** DATA SHOWN follows **
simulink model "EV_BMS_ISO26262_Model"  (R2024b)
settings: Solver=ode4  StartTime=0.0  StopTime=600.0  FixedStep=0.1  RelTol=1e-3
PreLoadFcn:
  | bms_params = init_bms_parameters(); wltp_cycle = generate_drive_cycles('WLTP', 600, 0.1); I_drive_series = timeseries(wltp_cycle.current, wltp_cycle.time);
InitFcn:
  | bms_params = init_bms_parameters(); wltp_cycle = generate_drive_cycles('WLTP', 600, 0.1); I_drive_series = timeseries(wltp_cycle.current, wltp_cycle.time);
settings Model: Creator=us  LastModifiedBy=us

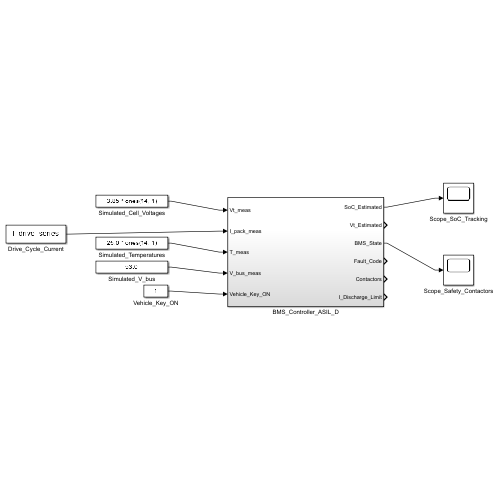
[thumbnail: Simulink's stored preview of the top-level diagram]
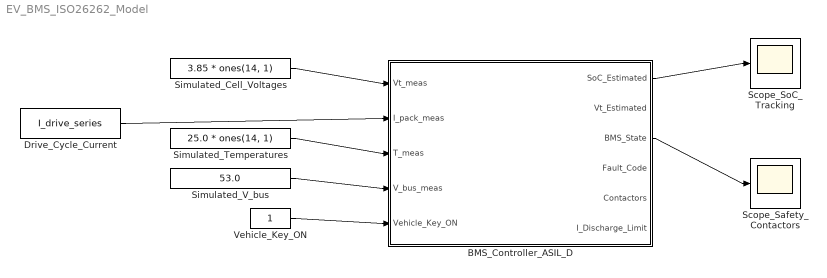
== system EV_BMS_ISO26262_Model ==
  BMS_Controller_ASIL_D : Subsystem
  Drive_Cycle_Current : FromWorkspace  VariableName=I_drive_series
  Scope_Safety_Contactors : Scope
  Scope_SoC_Tracking : Scope
  Simulated_Cell_Voltages : Constant  Value=3.85 * ones(14, 1)
  Simulated_Temperatures : Constant  Value=25.0 * ones(14, 1)
  Simulated_V_bus : Constant  Value=53.0
  Vehicle_Key_ON : Constant
  wires:
  BMS_Controller_ASIL_D/1(SoC_Estimated) -> Scope_SoC_Tracking/1
  BMS_Controller_ASIL_D/3(BMS_State) -> Scope_Safety_Contactors/1
  Vehicle_Key_ON/1 -> BMS_Controller_ASIL_D/5(Vehicle_Key_ON)
  Drive_Cycle_Current/1 -> BMS_Controller_ASIL_D/2(I_pack_meas)
  Simulated_Cell_Voltages/1 -> BMS_Controller_ASIL_D/1(Vt_meas)
  Simulated_Temperatures/1 -> BMS_Controller_ASIL_D/3(T_meas)
  Simulated_V_bus/1 -> BMS_Controller_ASIL_D/4(V_bus_meas)

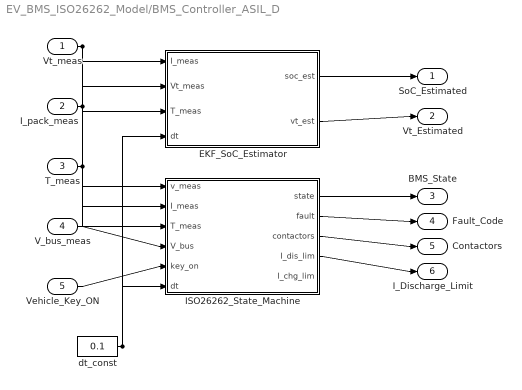
== system EV_BMS_ISO26262_Model/BMS_Controller_ASIL_D ==
  Vt_meas : Inport
  I_pack_meas : Inport  Port=2
  T_meas : Inport  Port=3
  V_bus_meas : Inport  Port=4
  Vehicle_Key_ON : Inport  Port=5
  EKF_SoC_Estimator : MATLAB Function  TreatAsAtomicUnit=on
  ISO26262_State_Machine : MATLAB Function  TreatAsAtomicUnit=on
  dt_const : Constant  Value=0.1
  SoC_Estimated : Outport
  Vt_Estimated : Outport  Port=2
  BMS_State : Outport  Port=3
  Fault_Code : Outport  Port=4
  Contactors : Outport  Port=5
  I_Discharge_Limit : Outport  Port=6
  wires:
  I_pack_meas/1 -> EKF_SoC_Estimator/1(I_meas), ISO26262_State_Machine/2(I_meas)
  Vt_meas/1 -> EKF_SoC_Estimator/2(Vt_meas), ISO26262_State_Machine/1(v_meas)
  T_meas/1 -> EKF_SoC_Estimator/3(T_meas), ISO26262_State_Machine/3(T_meas)
  dt_const/1 -> EKF_SoC_Estimator/4(dt), ISO26262_State_Machine/6(dt)
  EKF_SoC_Estimator/1(soc_est) -> SoC_Estimated/1
  EKF_SoC_Estimator/2(vt_est) -> Vt_Estimated/1
  V_bus_meas/1 -> ISO26262_State_Machine/4(V_bus)
  Vehicle_Key_ON/1 -> ISO26262_State_Machine/5(key_on)
  ISO26262_State_Machine/1(state) -> BMS_State/1
  ISO26262_State_Machine/2(fault) -> Fault_Code/1
  ISO26262_State_Machine/3(contactors) -> Contactors/1
  ISO26262_State_Machine/4(I_dis_lim) -> I_Discharge_Limit/1

== matlab function EV_BMS_ISO26262_Model/BMS_Controller_ASIL_D/ISO26262_State_Machine ==
  data: v_meas input; state output; I_meas input; T_meas input; V_bus input; key_on input; dt input; fault output; contactors output; I_dis_lim output; I_chg_lim output
function [state, fault, contactors, I_dis_lim, I_chg_lim] = ISO26262_State_Machine( ...
    v_meas, I_meas, T_meas, V_bus, key_on, dt)
state = 1;
fault = 0;
contactors = [0, 0, 0];
I_dis_lim = 0.0;
I_chg_lim = 0.0;
persistent bms_state fault_code precharge_timer
if isempty(bms_state)
    bms_state = 1;
    fault_code = 0;
    precharge_timer = 0.0;
end
v_max = max(v_meas); v_min = min(v_meas); t_max = max(T_meas); t_min = min(T_meas); v_sum = sum(v_meas);
if v_max >= 4.25, fault_code = 1;
elseif v_min <= 2.75, fault_code = 2;
elseif I_meas >= 120.0, fault_code = 3;
elseif I_meas <= -25.0, fault_code = 4;
elseif t_max >= 60.0, fault_code = 5;
elseif t_min <= -20.0, fault_code = 6;
end
if fault_code ~= 0
    bms_state = 6; contactors = [0, 0, 0]; I_dis_lim = 0.0; I_chg_lim = 0.0;
    state = bms_state; fault = fault_code; return;
end
switch bms_state
    case 1, bms_state = 2; contactors = [0, 0, 0];
    case 2
        contactors = [0, 0, 0];
        if V_bus > 10.0, bms_state = 6; fault_code = 8;
        elseif key_on >= 1, bms_state = 3; contactors = [0, 1, 1]; precharge_timer = 0.0; end
    case 3
        precharge_timer = precharge_timer + dt; contactors = [0, 1, 1];
        if V_bus >= 0.95 * v_sum, bms_state = 4; contactors = [1, 1, 0];
        elseif precharge_timer >= 0.500, bms_state = 6; fault_code = 7; contactors = [0, 0, 0]; end
    case {4, 5}
        if key_on == 0, bms_state = 2; contactors = [0, 0, 0];
        else
            if (t_max >= 45.0) || (t_min <= 5.0) || (v_max >= 4.20) || (v_min <= 3.00)
                bms_state = 5;
            else, bms_state = 4; end
            contactors = [1, 1, 0];
        end
    otherwise, bms_state = 6; contactors = [0, 0, 0];
end
if bms_state == 6, I_dis_lim = 0.0; I_chg_lim = 0.0;
elseif bms_state == 5, I_dis_lim = 40.0; I_chg_lim = 10.0;
else, I_dis_lim = 80.0; I_chg_lim = 20.0; end
state = bms_state; fault = fault_code;
end

== matlab function EV_BMS_ISO26262_Model/BMS_Controller_ASIL_D/EKF_SoC_Estimator ==
  data: I_meas input; soc_est output; Vt_meas input; T_meas input; dt input; vt_est output
function [soc_est, vt_est] = EKF_SoC_Estimator(I_meas, Vt_meas, T_meas, dt)
persistent x P
if isempty(x)
    x = [0.65; 0.0; 0.0];
    P = [0.20, 0, 0; 0, 0.01, 0; 0, 0, 0.01];
end
Q_n = 18000.0; R0_ref = 0.0150; R1 = 0.0085; C1 = 1500.0;
R2 = 0.0120; C2 = 6000.0; tau1 = R1 * C1; tau2 = R2 * C2;
alpha1 = exp(-dt / tau1); alpha2 = exp(-dt / tau2);
T_K = T_meas(1) + 273.15;
arrhenius = exp((22000.0 / 8.314) * (1.0 / T_K - 1.0 / 298.15));
R0 = R0_ref * arrhenius;
eta = 1.0;
if I_meas < 0, eta = 0.998; end
x_pred = [x(1) - (eta * dt / Q_n) * I_meas;
          alpha1 * x(2) + R1 * (1.0 - alpha1) * I_meas;
          alpha2 * x(3) + R2 * (1.0 - alpha2) * I_meas];
x_pred(1) = max(0.0, min(1.0, x_pred(1)));
Ad = [1.0, 0.0, 0.0; 0.0, alpha1, 0.0; 0.0, 0.0, alpha2];
Q_cov = diag([2.0e-6, 1.0e-5, 1.0e-5]);
P_pred = Ad * P * Ad' + Q_cov;
poly_c = [-1.94295, 8.52070, -18.71091, 21.62724, -12.16665, 3.71743, 3.15347];
s = x_pred(1);
Voc_pred = polyval(poly_c, s);
vt_est = Voc_pred - x_pred(2) - x_pred(3) - I_meas * R0;
dpoly_c = [-11.65770, 42.60350, -74.84364, 64.88172, -24.33330, 3.71743];
dVoc = max(0.05, polyval(dpoly_c, s));
C = [dVoc, -1.0, -1.0];
R_meas = 1.0e-3;
S = C * P_pred * C' + R_meas;
K = (P_pred * C') / S;
y_innov = Vt_meas(1) - vt_est;
x = x_pred + K * y_innov;
x(1) = max(0.0, min(1.0, x(1)));
IKC = eye(3) - K * C;
P = IKC * P_pred * IKC' + (K * R_meas) * K';
P = 0.5 * (P + P');
soc_est = x(1);
end
** End of DATA SHOWN **
### TASK TO COMPLETE
Transcribe the entries above exactly, from their first line through the line with "Vehicle_Key_ON/1 -> BMS_Controller_ASIL_D/5(Vehicle_Key_ON)", and omit all pictures.

### ANSWER FOR THE TASK
simulink model "EV_BMS_ISO26262_Model"  (R2024b)
settings: Solver=ode4  StartTime=0.0  StopTime=600.0  FixedStep=0.1  RelTol=1e-3
PreLoadFcn:
  | bms_params = init_bms_parameters(); wltp_cycle = generate_drive_cycles('WLTP', 600, 0.1); I_drive_series = timeseries(wltp_cycle.current, wltp_cycle.time);
InitFcn:
  | bms_params = init_bms_parameters(); wltp_cycle = generate_drive_cycles('WLTP', 600, 0.1); I_drive_series = timeseries(wltp_cycle.current, wltp_cycle.time);
settings Model: Creator=us  LastModifiedBy=us

[thumbnail: Simulink's stored preview of the top-level diagram]
== system EV_BMS_ISO26262_Model ==
  BMS_Controller_ASIL_D : Subsystem
  Drive_Cycle_Current : FromWorkspace  VariableName=I_drive_series
  Scope_Safety_Contactors : Scope
  Scope_SoC_Tracking : Scope
  Simulated_Cell_Voltages : Constant  Value=3.85 * ones(14, 1)
  Simulated_Temperatures : Constant  Value=25.0 * ones(14, 1)
  Simulated_V_bus : Constant  Value=53.0
  Vehicle_Key_ON : Constant
  wires:
  BMS_Controller_ASIL_D/1(SoC_Estimated) -> Scope_SoC_Tracking/1
  BMS_Controller_ASIL_D/3(BMS_State) -> Scope_Safety_Contactors/1
  Vehicle_Key_ON/1 -> BMS_Controller_ASIL_D/5(Vehicle_Key_ON)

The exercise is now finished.